Stored items:
************

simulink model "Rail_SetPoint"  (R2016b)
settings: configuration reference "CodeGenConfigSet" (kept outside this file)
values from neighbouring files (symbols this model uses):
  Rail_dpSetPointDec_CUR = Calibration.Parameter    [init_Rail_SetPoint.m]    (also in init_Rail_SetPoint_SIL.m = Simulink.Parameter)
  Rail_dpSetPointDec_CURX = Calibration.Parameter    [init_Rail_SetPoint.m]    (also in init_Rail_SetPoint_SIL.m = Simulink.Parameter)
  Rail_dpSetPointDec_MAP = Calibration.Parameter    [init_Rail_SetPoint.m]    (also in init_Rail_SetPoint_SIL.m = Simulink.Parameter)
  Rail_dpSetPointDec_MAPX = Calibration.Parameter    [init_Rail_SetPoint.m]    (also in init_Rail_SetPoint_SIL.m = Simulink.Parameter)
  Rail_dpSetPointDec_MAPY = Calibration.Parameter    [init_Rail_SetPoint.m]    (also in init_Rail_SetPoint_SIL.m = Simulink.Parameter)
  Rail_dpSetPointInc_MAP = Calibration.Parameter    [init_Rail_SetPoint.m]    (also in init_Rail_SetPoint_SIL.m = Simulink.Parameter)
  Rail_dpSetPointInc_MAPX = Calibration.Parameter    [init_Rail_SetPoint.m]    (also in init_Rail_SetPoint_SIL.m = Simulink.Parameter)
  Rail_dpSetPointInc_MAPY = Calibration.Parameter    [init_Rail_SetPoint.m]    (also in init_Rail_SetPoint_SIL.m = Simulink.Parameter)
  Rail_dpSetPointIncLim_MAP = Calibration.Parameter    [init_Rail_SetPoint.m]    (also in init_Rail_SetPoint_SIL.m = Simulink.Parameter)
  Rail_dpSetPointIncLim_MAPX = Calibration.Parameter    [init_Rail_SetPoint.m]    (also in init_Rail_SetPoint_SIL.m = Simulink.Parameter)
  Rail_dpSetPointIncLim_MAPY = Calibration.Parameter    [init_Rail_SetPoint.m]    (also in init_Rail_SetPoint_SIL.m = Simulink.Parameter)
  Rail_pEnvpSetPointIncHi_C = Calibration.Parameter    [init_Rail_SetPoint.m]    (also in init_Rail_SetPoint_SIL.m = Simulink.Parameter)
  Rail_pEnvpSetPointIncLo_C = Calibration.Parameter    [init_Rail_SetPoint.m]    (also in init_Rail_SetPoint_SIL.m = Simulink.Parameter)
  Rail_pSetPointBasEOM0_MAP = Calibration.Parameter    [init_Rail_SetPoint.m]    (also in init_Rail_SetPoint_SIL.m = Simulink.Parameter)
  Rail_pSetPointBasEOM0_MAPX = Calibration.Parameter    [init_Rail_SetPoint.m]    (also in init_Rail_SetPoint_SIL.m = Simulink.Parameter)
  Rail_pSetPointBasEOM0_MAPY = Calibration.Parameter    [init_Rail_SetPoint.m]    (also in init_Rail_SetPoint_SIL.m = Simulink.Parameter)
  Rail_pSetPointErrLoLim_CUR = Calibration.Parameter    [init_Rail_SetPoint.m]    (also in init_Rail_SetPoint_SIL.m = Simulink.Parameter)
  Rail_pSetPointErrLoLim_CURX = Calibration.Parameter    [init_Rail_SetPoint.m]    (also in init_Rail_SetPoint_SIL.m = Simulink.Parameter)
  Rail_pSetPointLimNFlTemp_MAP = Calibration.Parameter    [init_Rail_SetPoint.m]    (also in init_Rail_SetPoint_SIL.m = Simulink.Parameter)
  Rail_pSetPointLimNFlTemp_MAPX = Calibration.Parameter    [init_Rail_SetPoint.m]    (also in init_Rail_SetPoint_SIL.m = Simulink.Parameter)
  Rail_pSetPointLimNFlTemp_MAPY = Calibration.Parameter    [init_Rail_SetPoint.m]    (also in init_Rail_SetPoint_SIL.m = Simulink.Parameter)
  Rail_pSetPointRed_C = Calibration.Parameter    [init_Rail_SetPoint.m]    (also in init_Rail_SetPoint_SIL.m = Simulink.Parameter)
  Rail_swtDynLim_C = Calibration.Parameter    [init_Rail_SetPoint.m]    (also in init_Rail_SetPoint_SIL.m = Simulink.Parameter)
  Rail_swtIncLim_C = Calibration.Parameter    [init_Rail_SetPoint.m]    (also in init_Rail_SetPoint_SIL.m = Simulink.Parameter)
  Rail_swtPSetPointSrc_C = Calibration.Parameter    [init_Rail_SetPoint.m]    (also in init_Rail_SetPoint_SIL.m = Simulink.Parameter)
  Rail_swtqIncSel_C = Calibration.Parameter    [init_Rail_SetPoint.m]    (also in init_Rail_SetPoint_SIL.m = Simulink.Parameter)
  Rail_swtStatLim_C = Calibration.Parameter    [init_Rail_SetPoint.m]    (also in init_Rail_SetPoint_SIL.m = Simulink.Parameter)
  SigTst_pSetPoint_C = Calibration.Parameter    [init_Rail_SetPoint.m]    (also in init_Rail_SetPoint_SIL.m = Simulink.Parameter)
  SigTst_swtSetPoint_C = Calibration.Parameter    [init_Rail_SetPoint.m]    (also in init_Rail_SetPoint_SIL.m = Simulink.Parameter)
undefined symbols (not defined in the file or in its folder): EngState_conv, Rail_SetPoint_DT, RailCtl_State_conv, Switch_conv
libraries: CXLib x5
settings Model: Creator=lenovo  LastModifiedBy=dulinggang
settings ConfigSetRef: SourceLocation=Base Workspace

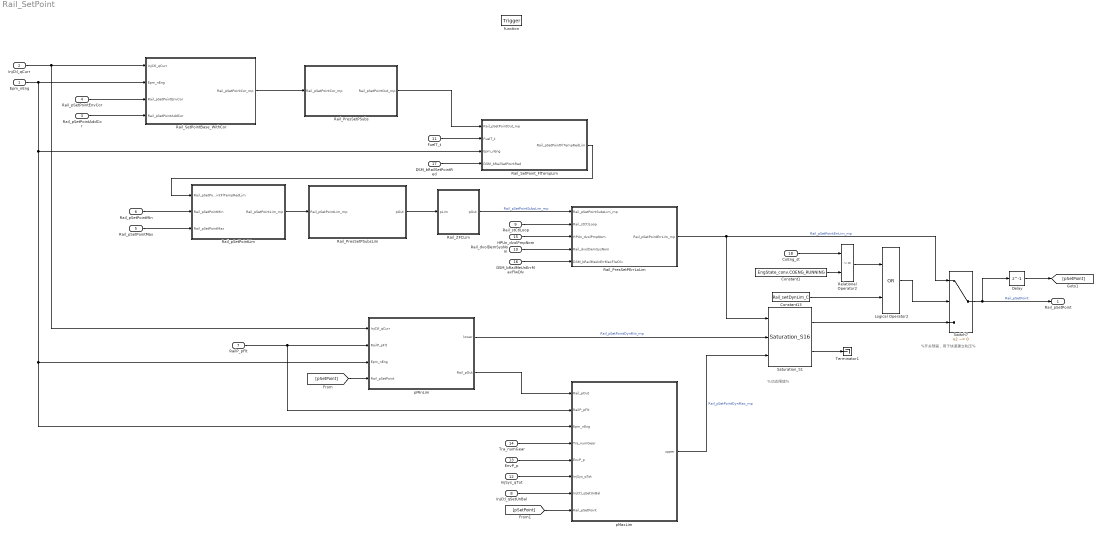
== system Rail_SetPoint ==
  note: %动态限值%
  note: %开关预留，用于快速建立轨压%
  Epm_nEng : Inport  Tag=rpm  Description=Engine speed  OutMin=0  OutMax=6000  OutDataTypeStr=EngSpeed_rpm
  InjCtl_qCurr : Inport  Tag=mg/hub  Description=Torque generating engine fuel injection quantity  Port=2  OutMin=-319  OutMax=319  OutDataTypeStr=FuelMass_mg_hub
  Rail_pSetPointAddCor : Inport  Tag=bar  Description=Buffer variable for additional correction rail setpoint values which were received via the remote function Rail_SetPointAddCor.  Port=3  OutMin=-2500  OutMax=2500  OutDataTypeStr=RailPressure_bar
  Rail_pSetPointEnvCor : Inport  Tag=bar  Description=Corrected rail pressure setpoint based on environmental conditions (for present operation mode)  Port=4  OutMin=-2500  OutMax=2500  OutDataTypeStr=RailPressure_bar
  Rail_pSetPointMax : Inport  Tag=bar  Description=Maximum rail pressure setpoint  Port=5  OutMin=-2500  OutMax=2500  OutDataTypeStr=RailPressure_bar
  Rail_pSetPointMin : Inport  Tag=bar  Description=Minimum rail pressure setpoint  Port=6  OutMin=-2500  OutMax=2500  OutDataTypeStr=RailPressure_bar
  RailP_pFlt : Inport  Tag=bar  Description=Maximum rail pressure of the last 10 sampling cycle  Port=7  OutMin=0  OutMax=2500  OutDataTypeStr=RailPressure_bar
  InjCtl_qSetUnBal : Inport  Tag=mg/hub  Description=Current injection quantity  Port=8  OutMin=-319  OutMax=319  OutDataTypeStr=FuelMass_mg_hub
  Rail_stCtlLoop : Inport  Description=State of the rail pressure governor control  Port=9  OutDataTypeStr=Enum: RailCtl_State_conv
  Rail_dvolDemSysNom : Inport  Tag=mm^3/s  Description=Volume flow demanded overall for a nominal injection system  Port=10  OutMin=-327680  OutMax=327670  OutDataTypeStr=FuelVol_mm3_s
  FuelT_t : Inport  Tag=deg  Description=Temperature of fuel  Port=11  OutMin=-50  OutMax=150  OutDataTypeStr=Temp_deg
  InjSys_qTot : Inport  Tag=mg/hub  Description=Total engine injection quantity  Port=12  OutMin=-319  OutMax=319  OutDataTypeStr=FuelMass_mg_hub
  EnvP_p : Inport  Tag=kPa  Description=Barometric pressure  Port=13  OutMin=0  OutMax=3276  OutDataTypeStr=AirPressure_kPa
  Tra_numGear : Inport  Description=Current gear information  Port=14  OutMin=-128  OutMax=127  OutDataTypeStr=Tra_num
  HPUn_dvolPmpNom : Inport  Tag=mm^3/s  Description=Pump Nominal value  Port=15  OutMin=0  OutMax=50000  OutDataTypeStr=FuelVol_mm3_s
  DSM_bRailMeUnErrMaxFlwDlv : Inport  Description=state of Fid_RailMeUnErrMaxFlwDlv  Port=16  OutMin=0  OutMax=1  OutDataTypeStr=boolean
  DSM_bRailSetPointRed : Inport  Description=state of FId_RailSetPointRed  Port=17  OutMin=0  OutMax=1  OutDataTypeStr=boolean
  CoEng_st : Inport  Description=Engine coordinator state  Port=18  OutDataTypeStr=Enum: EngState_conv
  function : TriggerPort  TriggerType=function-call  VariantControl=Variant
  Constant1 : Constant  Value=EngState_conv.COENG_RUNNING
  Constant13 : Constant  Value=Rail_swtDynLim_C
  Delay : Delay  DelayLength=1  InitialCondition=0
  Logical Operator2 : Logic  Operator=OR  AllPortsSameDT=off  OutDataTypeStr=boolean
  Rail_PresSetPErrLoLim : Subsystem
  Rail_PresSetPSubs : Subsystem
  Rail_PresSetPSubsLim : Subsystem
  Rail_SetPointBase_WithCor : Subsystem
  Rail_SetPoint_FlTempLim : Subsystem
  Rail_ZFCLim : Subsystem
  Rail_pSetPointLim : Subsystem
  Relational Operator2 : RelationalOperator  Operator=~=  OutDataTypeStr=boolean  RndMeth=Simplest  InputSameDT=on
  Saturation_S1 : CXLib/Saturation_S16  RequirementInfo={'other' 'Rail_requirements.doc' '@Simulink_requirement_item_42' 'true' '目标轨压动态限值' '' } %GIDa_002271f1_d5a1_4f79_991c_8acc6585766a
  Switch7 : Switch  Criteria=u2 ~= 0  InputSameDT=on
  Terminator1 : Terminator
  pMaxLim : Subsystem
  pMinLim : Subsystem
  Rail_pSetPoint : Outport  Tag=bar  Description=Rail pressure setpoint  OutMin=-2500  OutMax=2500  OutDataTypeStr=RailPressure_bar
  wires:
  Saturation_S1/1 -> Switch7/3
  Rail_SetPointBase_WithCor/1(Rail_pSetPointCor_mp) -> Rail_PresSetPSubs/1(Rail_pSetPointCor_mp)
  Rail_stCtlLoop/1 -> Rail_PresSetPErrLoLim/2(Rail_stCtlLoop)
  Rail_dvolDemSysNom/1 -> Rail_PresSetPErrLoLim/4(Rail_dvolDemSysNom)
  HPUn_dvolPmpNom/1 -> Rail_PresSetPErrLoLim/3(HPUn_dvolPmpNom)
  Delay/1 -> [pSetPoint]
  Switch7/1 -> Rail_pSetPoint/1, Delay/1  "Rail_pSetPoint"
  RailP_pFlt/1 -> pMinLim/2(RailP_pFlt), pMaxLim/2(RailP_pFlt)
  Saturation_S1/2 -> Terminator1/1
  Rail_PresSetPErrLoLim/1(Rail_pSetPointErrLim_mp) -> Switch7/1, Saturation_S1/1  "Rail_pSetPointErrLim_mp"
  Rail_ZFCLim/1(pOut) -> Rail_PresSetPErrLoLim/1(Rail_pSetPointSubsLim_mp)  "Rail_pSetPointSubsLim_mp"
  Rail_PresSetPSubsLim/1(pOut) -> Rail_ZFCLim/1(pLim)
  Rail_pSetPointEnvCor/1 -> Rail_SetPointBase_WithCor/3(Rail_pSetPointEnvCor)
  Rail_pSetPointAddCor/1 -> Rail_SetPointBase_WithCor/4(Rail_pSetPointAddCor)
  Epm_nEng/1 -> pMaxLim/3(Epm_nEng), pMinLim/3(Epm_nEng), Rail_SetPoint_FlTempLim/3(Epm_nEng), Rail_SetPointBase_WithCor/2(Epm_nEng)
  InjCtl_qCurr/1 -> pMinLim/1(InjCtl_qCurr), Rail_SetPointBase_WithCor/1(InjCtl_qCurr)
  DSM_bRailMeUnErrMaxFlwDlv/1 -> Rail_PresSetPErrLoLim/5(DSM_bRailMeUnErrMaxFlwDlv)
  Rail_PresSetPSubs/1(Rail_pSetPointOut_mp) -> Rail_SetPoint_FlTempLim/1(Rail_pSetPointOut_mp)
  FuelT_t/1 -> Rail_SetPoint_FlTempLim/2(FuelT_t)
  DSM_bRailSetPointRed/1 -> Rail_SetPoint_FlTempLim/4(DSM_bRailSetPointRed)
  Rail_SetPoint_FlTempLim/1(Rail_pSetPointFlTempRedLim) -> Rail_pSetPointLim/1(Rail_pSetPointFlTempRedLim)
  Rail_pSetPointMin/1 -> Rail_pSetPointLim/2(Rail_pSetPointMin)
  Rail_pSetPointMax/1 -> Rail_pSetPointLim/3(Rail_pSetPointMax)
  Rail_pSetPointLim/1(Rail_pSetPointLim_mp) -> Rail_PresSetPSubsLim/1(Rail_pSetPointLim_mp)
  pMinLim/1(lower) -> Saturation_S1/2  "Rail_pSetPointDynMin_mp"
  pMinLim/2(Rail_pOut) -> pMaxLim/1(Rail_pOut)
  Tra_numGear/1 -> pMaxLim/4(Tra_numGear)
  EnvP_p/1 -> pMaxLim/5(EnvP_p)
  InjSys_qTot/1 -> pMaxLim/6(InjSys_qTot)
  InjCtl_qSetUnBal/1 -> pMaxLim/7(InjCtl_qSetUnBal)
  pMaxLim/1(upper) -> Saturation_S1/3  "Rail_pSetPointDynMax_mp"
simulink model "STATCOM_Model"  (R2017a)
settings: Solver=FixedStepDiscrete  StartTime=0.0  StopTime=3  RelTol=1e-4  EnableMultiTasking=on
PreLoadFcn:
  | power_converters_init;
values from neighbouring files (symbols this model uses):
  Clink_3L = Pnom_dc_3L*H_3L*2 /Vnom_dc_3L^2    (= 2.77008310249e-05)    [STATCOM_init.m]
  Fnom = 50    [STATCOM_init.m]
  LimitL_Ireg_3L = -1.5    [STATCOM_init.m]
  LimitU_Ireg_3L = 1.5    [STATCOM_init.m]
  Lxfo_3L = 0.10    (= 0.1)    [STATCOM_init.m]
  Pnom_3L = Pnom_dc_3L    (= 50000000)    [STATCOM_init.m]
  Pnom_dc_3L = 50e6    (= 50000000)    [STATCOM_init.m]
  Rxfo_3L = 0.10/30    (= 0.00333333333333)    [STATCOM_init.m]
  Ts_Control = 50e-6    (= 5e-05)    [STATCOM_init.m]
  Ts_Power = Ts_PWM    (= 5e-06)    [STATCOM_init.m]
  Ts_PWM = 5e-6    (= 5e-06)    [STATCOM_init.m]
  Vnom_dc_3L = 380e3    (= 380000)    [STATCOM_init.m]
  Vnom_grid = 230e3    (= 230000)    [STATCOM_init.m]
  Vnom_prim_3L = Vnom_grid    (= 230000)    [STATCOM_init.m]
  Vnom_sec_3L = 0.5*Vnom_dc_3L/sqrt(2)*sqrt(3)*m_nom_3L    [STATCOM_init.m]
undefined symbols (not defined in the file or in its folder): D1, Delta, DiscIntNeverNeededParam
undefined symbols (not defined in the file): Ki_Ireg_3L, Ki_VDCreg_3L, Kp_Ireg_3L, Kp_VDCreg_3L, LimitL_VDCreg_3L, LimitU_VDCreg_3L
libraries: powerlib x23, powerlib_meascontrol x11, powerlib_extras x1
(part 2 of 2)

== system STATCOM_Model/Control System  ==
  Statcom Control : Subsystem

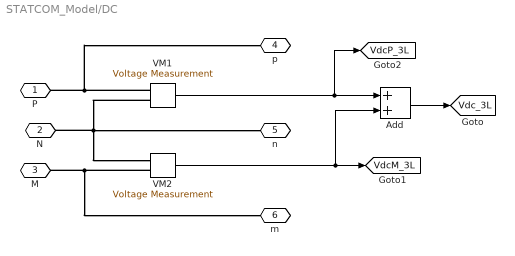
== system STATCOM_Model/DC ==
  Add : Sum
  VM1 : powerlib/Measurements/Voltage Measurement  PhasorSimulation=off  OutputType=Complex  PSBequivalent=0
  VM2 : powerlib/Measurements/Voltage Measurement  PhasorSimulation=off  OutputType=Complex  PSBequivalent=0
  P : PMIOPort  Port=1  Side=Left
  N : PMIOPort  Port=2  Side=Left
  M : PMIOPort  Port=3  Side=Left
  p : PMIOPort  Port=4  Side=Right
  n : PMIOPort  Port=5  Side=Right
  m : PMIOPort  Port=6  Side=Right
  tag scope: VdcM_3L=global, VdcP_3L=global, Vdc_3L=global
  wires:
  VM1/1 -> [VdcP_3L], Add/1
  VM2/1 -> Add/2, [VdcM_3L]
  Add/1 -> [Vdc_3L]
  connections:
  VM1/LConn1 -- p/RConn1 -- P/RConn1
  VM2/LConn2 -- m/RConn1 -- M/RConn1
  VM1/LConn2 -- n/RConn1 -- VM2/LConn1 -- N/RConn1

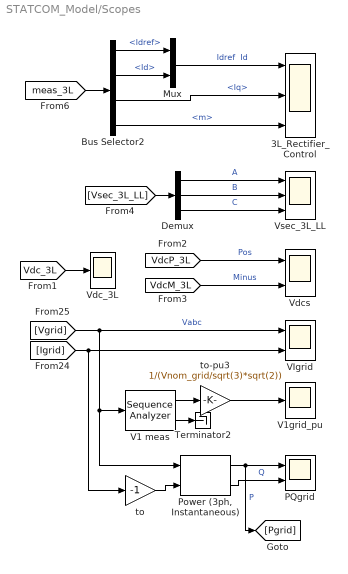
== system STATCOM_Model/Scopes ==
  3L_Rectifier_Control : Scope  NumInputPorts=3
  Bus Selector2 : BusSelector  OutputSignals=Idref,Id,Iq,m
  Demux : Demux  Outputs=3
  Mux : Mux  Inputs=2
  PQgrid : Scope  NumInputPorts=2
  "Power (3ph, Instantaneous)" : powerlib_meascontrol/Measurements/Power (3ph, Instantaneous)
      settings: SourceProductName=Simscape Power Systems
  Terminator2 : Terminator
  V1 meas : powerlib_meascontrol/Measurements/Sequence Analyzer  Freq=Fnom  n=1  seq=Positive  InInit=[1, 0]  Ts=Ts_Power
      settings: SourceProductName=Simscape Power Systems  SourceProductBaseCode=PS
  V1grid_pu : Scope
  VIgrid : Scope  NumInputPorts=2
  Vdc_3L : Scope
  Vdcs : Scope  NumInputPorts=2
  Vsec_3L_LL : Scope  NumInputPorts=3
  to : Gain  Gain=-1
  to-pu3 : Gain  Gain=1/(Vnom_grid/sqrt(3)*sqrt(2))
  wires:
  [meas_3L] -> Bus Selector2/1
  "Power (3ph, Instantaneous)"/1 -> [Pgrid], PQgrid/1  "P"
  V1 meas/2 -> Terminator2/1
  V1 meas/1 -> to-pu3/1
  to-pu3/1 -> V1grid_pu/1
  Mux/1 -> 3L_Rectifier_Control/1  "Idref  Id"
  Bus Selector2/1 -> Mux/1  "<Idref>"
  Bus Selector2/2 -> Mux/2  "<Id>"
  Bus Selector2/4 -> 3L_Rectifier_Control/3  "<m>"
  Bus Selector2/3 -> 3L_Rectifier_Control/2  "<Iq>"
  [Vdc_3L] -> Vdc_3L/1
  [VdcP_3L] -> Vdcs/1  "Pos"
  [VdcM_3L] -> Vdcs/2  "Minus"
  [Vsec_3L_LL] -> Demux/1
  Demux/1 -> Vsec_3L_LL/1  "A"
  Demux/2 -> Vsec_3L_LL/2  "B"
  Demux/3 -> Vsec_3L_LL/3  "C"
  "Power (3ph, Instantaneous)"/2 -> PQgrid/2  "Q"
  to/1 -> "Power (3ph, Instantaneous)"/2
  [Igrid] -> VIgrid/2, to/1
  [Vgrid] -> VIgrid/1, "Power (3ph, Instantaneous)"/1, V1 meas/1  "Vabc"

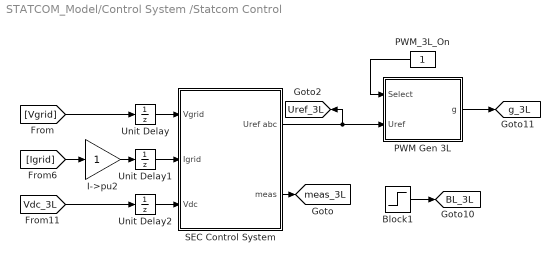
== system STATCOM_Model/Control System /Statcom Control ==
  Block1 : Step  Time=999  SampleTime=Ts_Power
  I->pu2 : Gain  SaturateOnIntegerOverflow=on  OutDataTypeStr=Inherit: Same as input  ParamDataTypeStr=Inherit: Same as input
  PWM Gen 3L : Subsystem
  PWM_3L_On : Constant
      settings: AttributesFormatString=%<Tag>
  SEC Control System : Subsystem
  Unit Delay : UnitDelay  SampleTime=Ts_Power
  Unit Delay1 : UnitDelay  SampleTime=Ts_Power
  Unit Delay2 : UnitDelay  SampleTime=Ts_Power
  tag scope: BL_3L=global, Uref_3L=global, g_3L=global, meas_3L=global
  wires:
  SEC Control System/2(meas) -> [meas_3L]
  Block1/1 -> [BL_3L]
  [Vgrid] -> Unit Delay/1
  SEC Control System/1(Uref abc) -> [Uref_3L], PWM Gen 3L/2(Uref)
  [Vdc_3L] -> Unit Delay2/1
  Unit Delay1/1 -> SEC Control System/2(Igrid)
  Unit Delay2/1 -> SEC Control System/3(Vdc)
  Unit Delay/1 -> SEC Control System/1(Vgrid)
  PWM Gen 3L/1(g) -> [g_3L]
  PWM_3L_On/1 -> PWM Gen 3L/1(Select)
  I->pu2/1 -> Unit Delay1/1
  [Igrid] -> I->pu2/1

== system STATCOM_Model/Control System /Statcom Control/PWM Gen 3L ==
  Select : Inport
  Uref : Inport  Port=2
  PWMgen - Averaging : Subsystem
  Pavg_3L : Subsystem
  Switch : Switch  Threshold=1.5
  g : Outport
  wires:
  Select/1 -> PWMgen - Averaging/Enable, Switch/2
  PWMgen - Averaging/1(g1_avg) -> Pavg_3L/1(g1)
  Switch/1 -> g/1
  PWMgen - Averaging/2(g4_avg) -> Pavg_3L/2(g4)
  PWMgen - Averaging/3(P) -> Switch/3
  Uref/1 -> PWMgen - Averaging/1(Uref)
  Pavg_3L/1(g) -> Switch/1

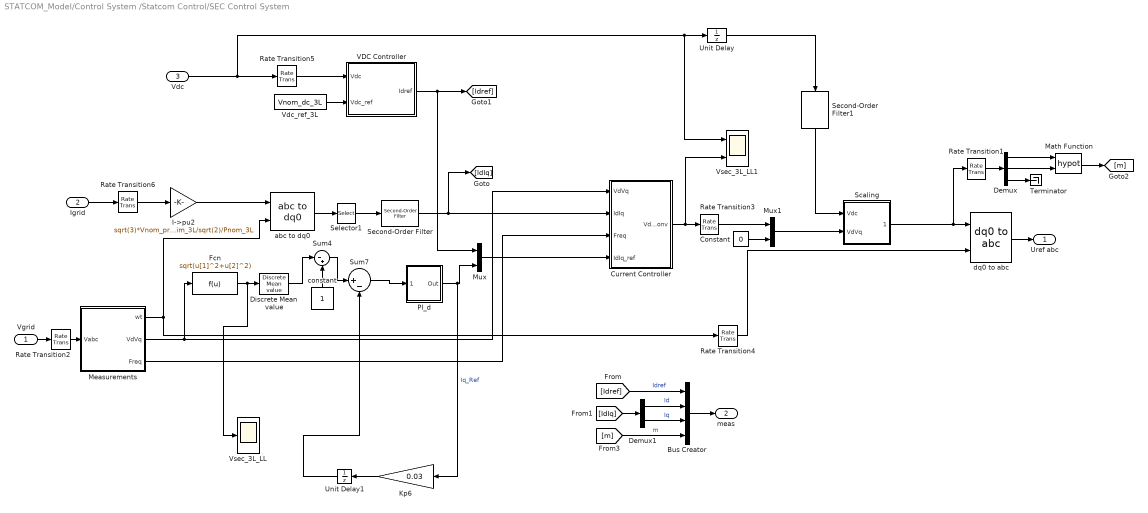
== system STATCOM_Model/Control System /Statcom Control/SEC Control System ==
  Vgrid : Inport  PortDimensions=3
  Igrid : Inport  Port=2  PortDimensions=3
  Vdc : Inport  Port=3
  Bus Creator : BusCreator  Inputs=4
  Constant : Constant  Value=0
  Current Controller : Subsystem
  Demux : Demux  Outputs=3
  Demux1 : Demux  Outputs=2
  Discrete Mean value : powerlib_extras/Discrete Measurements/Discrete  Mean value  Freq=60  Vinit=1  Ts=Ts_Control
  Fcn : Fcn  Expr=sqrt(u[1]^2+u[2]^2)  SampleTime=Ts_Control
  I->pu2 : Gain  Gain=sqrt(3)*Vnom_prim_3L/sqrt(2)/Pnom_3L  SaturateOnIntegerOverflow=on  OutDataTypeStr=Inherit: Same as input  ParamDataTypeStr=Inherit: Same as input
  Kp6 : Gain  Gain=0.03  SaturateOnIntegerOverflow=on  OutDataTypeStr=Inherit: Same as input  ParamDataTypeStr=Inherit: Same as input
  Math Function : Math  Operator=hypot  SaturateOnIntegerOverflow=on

************

== WHAT THIS TASK INVOLVES ==
Output the lines of the records above exactly as they appear, from the line containing "Constant13 : Constant" through the line containing "Rail_pSetPointLim : Subsystem".

== ANSWER SPACE ==
  Constant13 : Constant  Value=Rail_swtDynLim_C
  Delay : Delay  DelayLength=1  InitialCondition=0
  Logical Operator2 : Logic  Operator=OR  AllPortsSameDT=off  OutDataTypeStr=boolean
  Rail_PresSetPErrLoLim : Subsystem
  Rail_PresSetPSubs : Subsystem
  Rail_PresSetPSubsLim : Subsystem
  Rail_SetPointBase_WithCor : Subsystem
  Rail_SetPoint_FlTempLim : Subsystem
  Rail_ZFCLim : Subsystem
  Rail_pSetPointLim : Subsystem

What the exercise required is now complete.